Work instructions:
Transcribe the stretch of entries below from the line with "#23=PLANE('',#22);" through the line with "#32=ORIENTED_EDGE('',*,*,#31,.F.);", exactly and with both ends included; leave out all other lines.

═══

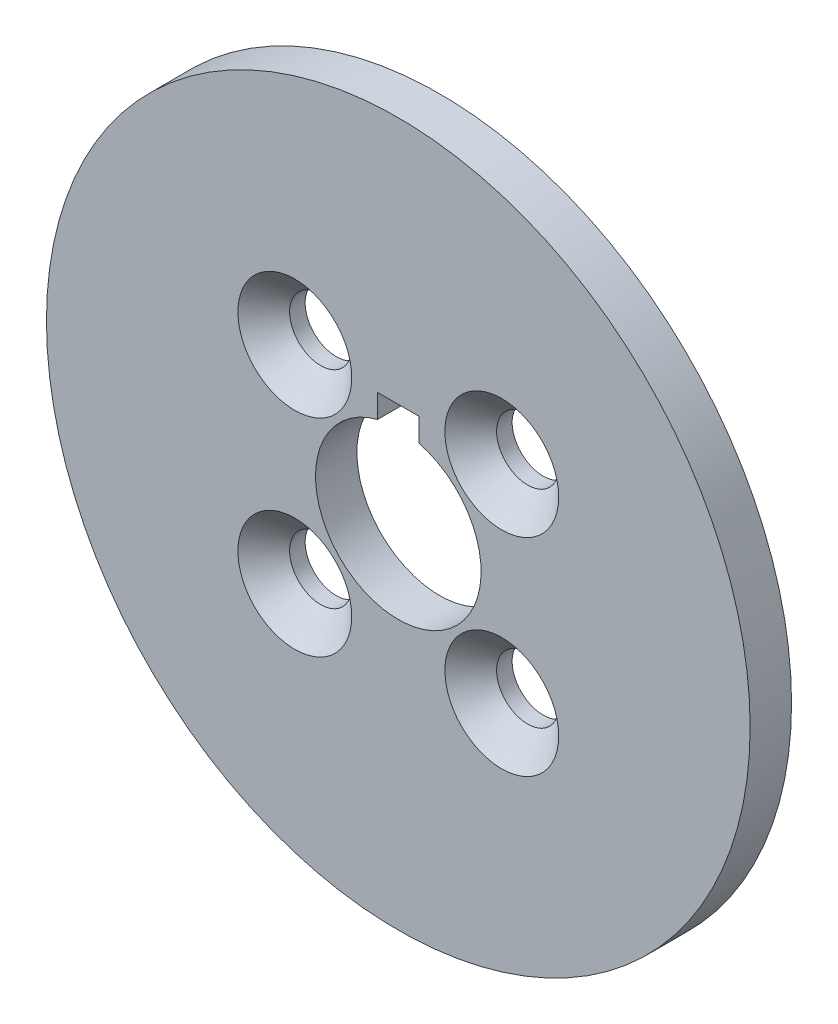
ISO-10303-21;
HEADER;
FILE_DESCRIPTION(('STEP AP214'),'2;1');
FILE_NAME('part.step','',(''),(''),'','','');
FILE_SCHEMA(('AUTOMOTIVE_DESIGN { 1 0 10303 214 1 1 1 1 }'));
ENDSEC;
DATA;
#1=APPLICATION_CONTEXT('core data for automotive mechanical design processes');
#2=APPLICATION_PROTOCOL_DEFINITION('international standard','automotive_design',2000,#1);
#3=PRODUCT_CONTEXT('',#1,'mechanical');
#4=PRODUCT('Part','Part','',(#3));
#5=PRODUCT_RELATED_PRODUCT_CATEGORY('part','',(#4));
#6=PRODUCT_DEFINITION_FORMATION('','',#4);
#7=PRODUCT_DEFINITION_CONTEXT('part definition',#1,'design');
#8=PRODUCT_DEFINITION('design','',#6,#7);
#9=PRODUCT_DEFINITION_SHAPE('','',#8);
#10=(LENGTH_UNIT() NAMED_UNIT(*) SI_UNIT(.MILLI.,.METRE.));
#11=(NAMED_UNIT(*) PLANE_ANGLE_UNIT() SI_UNIT($,.RADIAN.));
#12=(NAMED_UNIT(*) SI_UNIT($,.STERADIAN.) SOLID_ANGLE_UNIT());
#13=UNCERTAINTY_MEASURE_WITH_UNIT(LENGTH_MEASURE(1.E-05),#10,'distance_accuracy_value','');
#14=(GEOMETRIC_REPRESENTATION_CONTEXT(3) GLOBAL_UNCERTAINTY_ASSIGNED_CONTEXT((#13)) GLOBAL_UNIT_ASSIGNED_CONTEXT((#10,
#11,#12)) REPRESENTATION_CONTEXT('',''));
#15=CARTESIAN_POINT('',(0.,0.,0.));
#16=DIRECTION('',(0.,0.,1.));
#17=DIRECTION('',(1.,0.,0.));
#18=AXIS2_PLACEMENT_3D('',#15,#16,#17);
#19=CARTESIAN_POINT('',(0.,0.,2.));
#20=DIRECTION('',(0.,0.,1.));
#21=DIRECTION('',(1.,0.,0.));
#22=AXIS2_PLACEMENT_3D('',#19,#20,#21);
#23=PLANE('',#22);
#24=CARTESIAN_POINT('',(5.00000000000005,-4.99999999999995,2.));
#25=DIRECTION('',(0.,0.,1.));
#26=DIRECTION('',(1.,0.,0.));
#27=AXIS2_PLACEMENT_3D('',#24,#25,#26);
#28=CIRCLE('',#27,2.75);
#29=CARTESIAN_POINT('',(7.75000000000005,-4.99999999999995,2.));
#30=VERTEX_POINT('',#29);
#31=EDGE_CURVE('E223',#30,#30,#28,.T.);
#32=ORIENTED_EDGE('',*,*,#31,.F.);
#33=EDGE_LOOP('',(#32));
#34=FACE_BOUND('',#33,.T.);
#35=CARTESIAN_POINT('',(-5.,-5.,2.));
#36=DIRECTION('',(0.,0.,1.));
#37=DIRECTION('',(1.,0.,0.));
#38=AXIS2_PLACEMENT_3D('',#35,#36,#37);
#39=CIRCLE('',#38,2.75);
#40=CARTESIAN_POINT('',(-2.25,-5.,2.));
#41=VERTEX_POINT('',#40);
#42=EDGE_CURVE('E230',#41,#41,#39,.T.);
#43=ORIENTED_EDGE('',*,*,#42,.F.);
#44=EDGE_LOOP('',(#43));
#45=FACE_BOUND('',#44,.T.);
#46=CARTESIAN_POINT('',(-5.00000000000002,4.99999999999998,2.));
#47=DIRECTION('',(0.,0.,1.));
#48=DIRECTION('',(1.,0.,0.));
#49=AXIS2_PLACEMENT_3D('',#46,#47,#48);
#50=CIRCLE('',#49,2.75);
#51=CARTESIAN_POINT('',(-2.25000000000002,4.99999999999998,2.));
#52=VERTEX_POINT('',#51);
#53=EDGE_CURVE('E239',#52,#52,#50,.T.);
#54=ORIENTED_EDGE('',*,*,#53,.F.);
#55=EDGE_LOOP('',(#54));
#56=FACE_BOUND('',#55,.T.);
#57=CARTESIAN_POINT('',(5.,5.,2.));
#58=DIRECTION('',(0.,0.,1.));
#59=DIRECTION('',(1.,0.,0.));
#60=AXIS2_PLACEMENT_3D('',#57,#58,#59);
#61=CIRCLE('',#60,2.75);
#62=CARTESIAN_POINT('',(7.75,5.,2.));
#63=VERTEX_POINT('',#62);
#64=EDGE_CURVE('E248',#63,#63,#61,.T.);
#65=ORIENTED_EDGE('',*,*,#64,.F.);
#66=EDGE_LOOP('',(#65));
#67=FACE_BOUND('',#66,.T.);
#68=CARTESIAN_POINT('',(0.,0.,2.));
#69=DIRECTION('',(0.,0.,1.));
#70=DIRECTION('',(1.,0.,0.));
#71=AXIS2_PLACEMENT_3D('',#68,#69,#70);
#72=CIRCLE('',#71,17.);
#73=CARTESIAN_POINT('',(17.,0.,2.));
#74=VERTEX_POINT('',#73);
#75=EDGE_CURVE('E11',#74,#74,#72,.T.);
#76=ORIENTED_EDGE('',*,*,#75,.T.);
#77=EDGE_LOOP('',(#76));
#78=FACE_BOUND('',#77,.T.);
#79=DIRECTION('',(0.,1.,0.));
#80=VECTOR('',#79,1.);
#81=CARTESIAN_POINT('',(1.,5.00298334620742,2.));
#82=LINE('',#81,#80);
#83=CARTESIAN_POINT('',(1.,3.87298334620742,2.));
#84=VERTEX_POINT('',#83);
#85=CARTESIAN_POINT('',(1.,5.00298334620742,2.));
#86=VERTEX_POINT('',#85);
#87=EDGE_CURVE('E88',#84,#86,#82,.T.);
#88=ORIENTED_EDGE('',*,*,#87,.F.);
#89=CARTESIAN_POINT('',(0.,0.,2.));
#90=DIRECTION('',(0.,0.,1.));
#91=DIRECTION('',(1.,0.,0.));
#92=AXIS2_PLACEMENT_3D('',#89,#90,#91);
#93=CIRCLE('',#92,4.);
#94=CARTESIAN_POINT('',(-1.,3.87298334620742,2.));
#95=VERTEX_POINT('',#94);
#96=EDGE_CURVE('E80',#95,#84,#93,.T.);
#97=ORIENTED_EDGE('',*,*,#96,.F.);
#98=DIRECTION('',(0.,-1.,0.));
#99=VECTOR('',#98,1.);
#100=CARTESIAN_POINT('',(-1.,3.87298334620742,2.));
#101=LINE('',#100,#99);
#102=CARTESIAN_POINT('',(-1.,5.00298334620742,2.));
#103=VERTEX_POINT('',#102);
#104=EDGE_CURVE('E101',#103,#95,#101,.T.);
#105=ORIENTED_EDGE('',*,*,#104,.F.);
#106=DIRECTION('',(-1.,0.,0.));
#107=VECTOR('',#106,1.);
#108=CARTESIAN_POINT('',(-1.,5.00298334620742,2.));
#109=LINE('',#108,#107);
#110=EDGE_CURVE('E99',#86,#103,#109,.T.);
#111=ORIENTED_EDGE('',*,*,#110,.F.);
#112=EDGE_LOOP('',(#88,#97,#105,#111));
#113=FACE_BOUND('',#112,.T.);
#114=ADVANCED_FACE('F39',(#34,#45,#56,#67,#78,#113),#23,.T.);
#115=CARTESIAN_POINT('',(0.,0.,0.));
#116=DIRECTION('',(0.,0.,1.));
#117=DIRECTION('',(1.,0.,0.));
#118=AXIS2_PLACEMENT_3D('',#115,#116,#117);
#119=PLANE('',#118);
#120=CARTESIAN_POINT('',(5.00000000000005,-4.99999999999995,0.));
#121=DIRECTION('',(0.,0.,1.));
#122=DIRECTION('',(1.,0.,0.));
#123=AXIS2_PLACEMENT_3D('',#120,#121,#122);
#124=CIRCLE('',#123,1.5);
#125=CARTESIAN_POINT('',(6.50000000000005,-4.99999999999995,0.));
#126=VERTEX_POINT('',#125);
#127=EDGE_CURVE('E225',#126,#126,#124,.T.);
#128=ORIENTED_EDGE('',*,*,#127,.T.);
#129=EDGE_LOOP('',(#128));
#130=FACE_BOUND('',#129,.T.);
#131=CARTESIAN_POINT('',(-5.,-5.,0.));
#132=DIRECTION('',(0.,0.,1.));
#133=DIRECTION('',(1.,0.,0.));
#134=AXIS2_PLACEMENT_3D('',#131,#132,#133);
#135=CIRCLE('',#134,1.5);
#136=CARTESIAN_POINT('',(-3.5,-5.,0.));
#137=VERTEX_POINT('',#136);
#138=EDGE_CURVE('E236',#137,#137,#135,.T.);
#139=ORIENTED_EDGE('',*,*,#138,.T.);
#140=EDGE_LOOP('',(#139));
#141=FACE_BOUND('',#140,.T.);
#142=CARTESIAN_POINT('',(-5.00000000000002,4.99999999999998,0.));
#143=DIRECTION('',(0.,0.,1.));
#144=DIRECTION('',(1.,0.,0.));
#145=AXIS2_PLACEMENT_3D('',#142,#143,#144);
#146=CIRCLE('',#145,1.5);
#147=CARTESIAN_POINT('',(-3.50000000000002,4.99999999999998,0.));
#148=VERTEX_POINT('',#147);
#149=EDGE_CURVE('E245',#148,#148,#146,.T.);
#150=ORIENTED_EDGE('',*,*,#149,.T.);
#151=EDGE_LOOP('',(#150));
#152=FACE_BOUND('',#151,.T.);
#153=CARTESIAN_POINT('',(5.,5.,0.));
#154=DIRECTION('',(0.,0.,1.));
#155=DIRECTION('',(1.,0.,0.));
#156=AXIS2_PLACEMENT_3D('',#153,#154,#155);
#157=CIRCLE('',#156,1.5);
#158=CARTESIAN_POINT('',(6.5,5.,0.));
#159=VERTEX_POINT('',#158);
#160=EDGE_CURVE('E107',#159,#159,#157,.T.);
#161=ORIENTED_EDGE('',*,*,#160,.T.);
#162=EDGE_LOOP('',(#161));
#163=FACE_BOUND('',#162,.T.);
#164=CARTESIAN_POINT('',(0.,0.,0.));
#165=DIRECTION('',(0.,0.,1.));
#166=DIRECTION('',(1.,0.,0.));
#167=AXIS2_PLACEMENT_3D('',#164,#165,#166);
#168=CIRCLE('',#167,17.);
#169=CARTESIAN_POINT('',(17.,0.,0.));
#170=VERTEX_POINT('',#169);
#171=EDGE_CURVE('E43',#170,#170,#168,.T.);
#172=ORIENTED_EDGE('',*,*,#171,.F.);
#173=EDGE_LOOP('',(#172));
#174=FACE_BOUND('',#173,.T.);
#175=CARTESIAN_POINT('',(0.,0.,0.));
#176=DIRECTION('',(0.,0.,1.));
#177=DIRECTION('',(1.,0.,0.));
#178=AXIS2_PLACEMENT_3D('',#175,#176,#177);
#179=CIRCLE('',#178,4.);
#180=CARTESIAN_POINT('',(-1.,3.87298334620742,0.));
#181=VERTEX_POINT('',#180);
#182=CARTESIAN_POINT('',(1.,3.87298334620742,0.));
#183=VERTEX_POINT('',#182);
#184=EDGE_CURVE('E62',#181,#183,#179,.T.);
#185=ORIENTED_EDGE('',*,*,#184,.T.);
#186=DIRECTION('',(0.,1.,0.));
#187=VECTOR('',#186,1.);
#188=CARTESIAN_POINT('',(1.,5.00298334620742,0.));
#189=LINE('',#188,#187);
#190=CARTESIAN_POINT('',(1.,5.00298334620742,0.));
#191=VERTEX_POINT('',#190);
#192=EDGE_CURVE('E95',#183,#191,#189,.T.);
#193=ORIENTED_EDGE('',*,*,#192,.T.);
#194=DIRECTION('',(-1.,0.,0.));
#195=VECTOR('',#194,1.);
#196=CARTESIAN_POINT('',(-1.,5.00298334620742,0.));
#197=LINE('',#196,#195);
#198=CARTESIAN_POINT('',(-1.,5.00298334620742,0.));
#199=VERTEX_POINT('',#198);
#200=EDGE_CURVE('E109',#191,#199,#197,.T.);
#201=ORIENTED_EDGE('',*,*,#200,.T.);
#202=DIRECTION('',(0.,-1.,0.));
#203=VECTOR('',#202,1.);
#204=CARTESIAN_POINT('',(-1.,3.87298334620742,0.));
#205=LINE('',#204,#203);
#206=EDGE_CURVE('E89',#199,#181,#205,.T.);
#207=ORIENTED_EDGE('',*,*,#206,.T.);
#208=EDGE_LOOP('',(#185,#193,#201,#207));
#209=FACE_BOUND('',#208,.T.);
#210=ADVANCED_FACE('F120',(#130,#141,#152,#163,#174,#209),#119,.F.);
#211=CARTESIAN_POINT('',(0.,0.,2.));
#212=DIRECTION('',(0.,0.,-1.));
#213=DIRECTION('',(-1.,0.,0.));
#214=AXIS2_PLACEMENT_3D('',#211,#212,#213);
#215=CYLINDRICAL_SURFACE('',#214,17.);
#216=ORIENTED_EDGE('',*,*,#75,.F.);
#217=EDGE_LOOP('',(#216));
#218=FACE_BOUND('',#217,.T.);
#219=ORIENTED_EDGE('',*,*,#171,.T.);
#220=EDGE_LOOP('',(#219));
#221=FACE_BOUND('',#220,.T.);
#222=ADVANCED_FACE('F41',(#218,#221),#215,.T.);
#223=CARTESIAN_POINT('',(0.,0.,2.));
#224=DIRECTION('',(0.,0.,-1.));
#225=DIRECTION('',(-1.,0.,0.));
#226=AXIS2_PLACEMENT_3D('',#223,#224,#225);
#227=CYLINDRICAL_SURFACE('',#226,4.);
#228=ORIENTED_EDGE('',*,*,#184,.F.);
#229=DIRECTION('',(0.,0.,-1.));
#230=VECTOR('',#229,1.);
#231=CARTESIAN_POINT('',(-1.,3.87298334620742,2.));
#232=LINE('',#231,#230);
#233=EDGE_CURVE('E84',#95,#181,#232,.T.);
#234=ORIENTED_EDGE('',*,*,#233,.F.);
#235=ORIENTED_EDGE('',*,*,#96,.T.);
#236=DIRECTION('',(0.,0.,-1.));
#237=VECTOR('',#236,1.);
#238=CARTESIAN_POINT('',(1.,3.87298334620742,2.));
#239=LINE('',#238,#237);
#240=EDGE_CURVE('E83',#84,#183,#239,.T.);
#241=ORIENTED_EDGE('',*,*,#240,.T.);
#242=EDGE_LOOP('',(#228,#234,#235,#241));
#243=FACE_BOUND('',#242,.T.);
#244=ADVANCED_FACE('F82',(#243),#227,.F.);
#245=CARTESIAN_POINT('',(1.,5.00298334620742,2.));
#246=DIRECTION('',(-1.,0.,0.));
#247=DIRECTION('',(0.,0.,1.));
#248=AXIS2_PLACEMENT_3D('',#245,#246,#247);
#249=PLANE('',#248);
#250=ORIENTED_EDGE('',*,*,#192,.F.);
#251=ORIENTED_EDGE('',*,*,#240,.F.);
#252=ORIENTED_EDGE('',*,*,#87,.T.);
#253=DIRECTION('',(0.,0.,-1.));
#254=VECTOR('',#253,1.);
#255=CARTESIAN_POINT('',(1.,5.00298334620742,2.));
#256=LINE('',#255,#254);
#257=EDGE_CURVE('E96',#86,#191,#256,.T.);
#258=ORIENTED_EDGE('',*,*,#257,.T.);
#259=EDGE_LOOP('',(#250,#251,#252,#258));
#260=FACE_BOUND('',#259,.T.);
#261=ADVANCED_FACE('F92',(#260),#249,.T.);
#262=CARTESIAN_POINT('',(-1.,5.00298334620742,2.));
#263=DIRECTION('',(0.,-1.,0.));
#264=DIRECTION('',(1.,0.,0.));
#265=AXIS2_PLACEMENT_3D('',#262,#263,#264);
#266=PLANE('',#265);
#267=ORIENTED_EDGE('',*,*,#200,.F.);
#268=ORIENTED_EDGE('',*,*,#257,.F.);
#269=ORIENTED_EDGE('',*,*,#110,.T.);
#270=DIRECTION('',(0.,0.,-1.));
#271=VECTOR('',#270,1.);
#272=CARTESIAN_POINT('',(-1.,5.00298334620742,2.));
#273=LINE('',#272,#271);
#274=EDGE_CURVE('E54',#103,#199,#273,.T.);
#275=ORIENTED_EDGE('',*,*,#274,.T.);
#276=EDGE_LOOP('',(#267,#268,#269,#275));
#277=FACE_BOUND('',#276,.T.);
#278=ADVANCED_FACE('F118',(#277),#266,.T.);
#279=CARTESIAN_POINT('',(-1.,3.87298334620742,2.));
#280=DIRECTION('',(1.,0.,0.));
#281=DIRECTION('',(0.,1.,0.));
#282=AXIS2_PLACEMENT_3D('',#279,#280,#281);
#283=PLANE('',#282);
#284=ORIENTED_EDGE('',*,*,#206,.F.);
#285=ORIENTED_EDGE('',*,*,#274,.F.);
#286=ORIENTED_EDGE('',*,*,#104,.T.);
#287=ORIENTED_EDGE('',*,*,#233,.T.);
#288=EDGE_LOOP('',(#284,#285,#286,#287));
#289=FACE_BOUND('',#288,.T.);
#290=ADVANCED_FACE('F121',(#289),#283,.T.);
#291=CARTESIAN_POINT('',(5.,5.,2.));
#292=DIRECTION('',(0.,0.,1.));
#293=DIRECTION('',(1.,0.,0.));
#294=AXIS2_PLACEMENT_3D('',#291,#292,#293);
#295=CYLINDRICAL_SURFACE('',#294,1.5);
#296=ORIENTED_EDGE('',*,*,#160,.F.);
#297=EDGE_LOOP('',(#296));
#298=FACE_BOUND('',#297,.T.);
#299=CARTESIAN_POINT('',(5.,5.,0.750000000000001));
#300=DIRECTION('',(0.,0.,1.));
#301=DIRECTION('',(1.,0.,0.));
#302=AXIS2_PLACEMENT_3D('',#299,#300,#301);
#303=CIRCLE('',#302,1.5);
#304=CARTESIAN_POINT('',(6.5,5.,0.750000000000001));
#305=VERTEX_POINT('',#304);
#306=EDGE_CURVE('E251',#305,#305,#303,.T.);
#307=ORIENTED_EDGE('',*,*,#306,.T.);
#308=EDGE_LOOP('',(#307));
#309=FACE_BOUND('',#308,.T.);
#310=ADVANCED_FACE('F123',(#298,#309),#295,.F.);
#311=CARTESIAN_POINT('',(5.,5.,2.));
#312=DIRECTION('',(0.,0.,1.));
#313=DIRECTION('',(1.,0.,0.));
#314=AXIS2_PLACEMENT_3D('',#311,#312,#313);
#315=CONICAL_SURFACE('',#314,2.75,0.785398163397449);
#316=ORIENTED_EDGE('',*,*,#306,.F.);
#317=EDGE_LOOP('',(#316));
#318=FACE_BOUND('',#317,.T.);
#319=ORIENTED_EDGE('',*,*,#64,.T.);
#320=EDGE_LOOP('',(#319));
#321=FACE_BOUND('',#320,.T.);
#322=ADVANCED_FACE('F129',(#318,#321),#315,.F.);
#323=CARTESIAN_POINT('',(-5.00000000000002,4.99999999999998,2.));
#324=DIRECTION('',(0.,0.,1.));
#325=DIRECTION('',(1.,0.,0.));
#326=AXIS2_PLACEMENT_3D('',#323,#324,#325);
#327=CYLINDRICAL_SURFACE('',#326,1.5);
#328=ORIENTED_EDGE('',*,*,#149,.F.);
#329=EDGE_LOOP('',(#328));
#330=FACE_BOUND('',#329,.T.);
#331=CARTESIAN_POINT('',(-5.00000000000002,4.99999999999998,0.750000000000001));
#332=DIRECTION('',(0.,0.,1.));
#333=DIRECTION('',(1.,0.,0.));
#334=AXIS2_PLACEMENT_3D('',#331,#332,#333);
#335=CIRCLE('',#334,1.5);
#336=CARTESIAN_POINT('',(-3.50000000000002,4.99999999999998,0.750000000000001));
#337=VERTEX_POINT('',#336);
#338=EDGE_CURVE('E242',#337,#337,#335,.T.);
#339=ORIENTED_EDGE('',*,*,#338,.T.);
#340=EDGE_LOOP('',(#339));
#341=FACE_BOUND('',#340,.T.);
#342=ADVANCED_FACE('F168',(#330,#341),#327,.F.);
#343=CARTESIAN_POINT('',(-5.00000000000002,4.99999999999998,2.));
#344=DIRECTION('',(0.,0.,1.));
#345=DIRECTION('',(1.,0.,0.));
#346=AXIS2_PLACEMENT_3D('',#343,#344,#345);
#347=CONICAL_SURFACE('',#346,2.75,0.785398163397449);
#348=ORIENTED_EDGE('',*,*,#338,.F.);
#349=EDGE_LOOP('',(#348));
#350=FACE_BOUND('',#349,.T.);
#351=ORIENTED_EDGE('',*,*,#53,.T.);
#352=EDGE_LOOP('',(#351));
#353=FACE_BOUND('',#352,.T.);
#354=ADVANCED_FACE('F176',(#350,#353),#347,.F.);
#355=CARTESIAN_POINT('',(-5.,-5.,2.));
#356=DIRECTION('',(0.,0.,1.));
#357=DIRECTION('',(1.,0.,0.));
#358=AXIS2_PLACEMENT_3D('',#355,#356,#357);
#359=CYLINDRICAL_SURFACE('',#358,1.5);
#360=ORIENTED_EDGE('',*,*,#138,.F.);
#361=EDGE_LOOP('',(#360));
#362=FACE_BOUND('',#361,.T.);
#363=CARTESIAN_POINT('',(-5.,-5.,0.750000000000001));
#364=DIRECTION('',(0.,0.,1.));
#365=DIRECTION('',(1.,0.,0.));
#366=AXIS2_PLACEMENT_3D('',#363,#364,#365);
#367=CIRCLE('',#366,1.5);
#368=CARTESIAN_POINT('',(-3.5,-5.,0.750000000000001));
#369=VERTEX_POINT('',#368);
#370=EDGE_CURVE('E233',#369,#369,#367,.T.);
#371=ORIENTED_EDGE('',*,*,#370,.T.);
#372=EDGE_LOOP('',(#371));
#373=FACE_BOUND('',#372,.T.);
#374=ADVANCED_FACE('F184',(#362,#373),#359,.F.);
#375=CARTESIAN_POINT('',(-5.,-5.,2.));
#376=DIRECTION('',(0.,0.,1.));
#377=DIRECTION('',(1.,0.,0.));
#378=AXIS2_PLACEMENT_3D('',#375,#376,#377);
#379=CONICAL_SURFACE('',#378,2.75,0.785398163397449);
#380=ORIENTED_EDGE('',*,*,#370,.F.);
#381=EDGE_LOOP('',(#380));
#382=FACE_BOUND('',#381,.T.);
#383=ORIENTED_EDGE('',*,*,#42,.T.);
#384=EDGE_LOOP('',(#383));
#385=FACE_BOUND('',#384,.T.);
#386=ADVANCED_FACE('F192',(#382,#385),#379,.F.);
#387=CARTESIAN_POINT('',(5.00000000000005,-4.99999999999995,2.));
#388=DIRECTION('',(0.,0.,1.));
#389=DIRECTION('',(1.,0.,0.));
#390=AXIS2_PLACEMENT_3D('',#387,#388,#389);
#391=CYLINDRICAL_SURFACE('',#390,1.5);
#392=ORIENTED_EDGE('',*,*,#127,.F.);
#393=EDGE_LOOP('',(#392));
#394=FACE_BOUND('',#393,.T.);
#395=CARTESIAN_POINT('',(5.00000000000005,-4.99999999999995,0.750000000000001));
#396=DIRECTION('',(0.,0.,1.));
#397=DIRECTION('',(1.,0.,0.));
#398=AXIS2_PLACEMENT_3D('',#395,#396,#397);
#399=CIRCLE('',#398,1.5);
#400=CARTESIAN_POINT('',(6.50000000000005,-4.99999999999995,0.750000000000001));
#401=VERTEX_POINT('',#400);
#402=EDGE_CURVE('E221',#401,#401,#399,.T.);
#403=ORIENTED_EDGE('',*,*,#402,.T.);
#404=EDGE_LOOP('',(#403));
#405=FACE_BOUND('',#404,.T.);
#406=ADVANCED_FACE('F200',(#394,#405),#391,.F.);
#407=CARTESIAN_POINT('',(5.00000000000005,-4.99999999999995,2.));
#408=DIRECTION('',(0.,0.,1.));
#409=DIRECTION('',(1.,0.,0.));
#410=AXIS2_PLACEMENT_3D('',#407,#408,#409);
#411=CONICAL_SURFACE('',#410,2.75,0.785398163397449);
#412=ORIENTED_EDGE('',*,*,#402,.F.);
#413=EDGE_LOOP('',(#412));
#414=FACE_BOUND('',#413,.T.);
#415=ORIENTED_EDGE('',*,*,#31,.T.);
#416=EDGE_LOOP('',(#415));
#417=FACE_BOUND('',#416,.T.);
#418=ADVANCED_FACE('F208',(#414,#417),#411,.F.);
#419=CLOSED_SHELL('',(#114,#210,#222,#244,#261,#278,#290,#310,#322,#342,#354,#374,#386,#406,#418));
#420=MANIFOLD_SOLID_BREP('B2',#419);
#421=ADVANCED_BREP_SHAPE_REPRESENTATION('',(#18,#420),#14);
#422=SHAPE_DEFINITION_REPRESENTATION(#9,#421);
ENDSEC;
END-ISO-10303-21;

═══

Your solution:
#23=PLANE('',#22);
#24=CARTESIAN_POINT('',(5.00000000000005,-4.99999999999995,2.));
#25=DIRECTION('',(0.,0.,1.));
#26=DIRECTION('',(1.,0.,0.));
#27=AXIS2_PLACEMENT_3D('',#24,#25,#26);
#28=CIRCLE('',#27,2.75);
#29=CARTESIAN_POINT('',(7.75000000000005,-4.99999999999995,2.));
#30=VERTEX_POINT('',#29);
#31=EDGE_CURVE('E223',#30,#30,#28,.T.);
#32=ORIENTED_EDGE('',*,*,#31,.F.);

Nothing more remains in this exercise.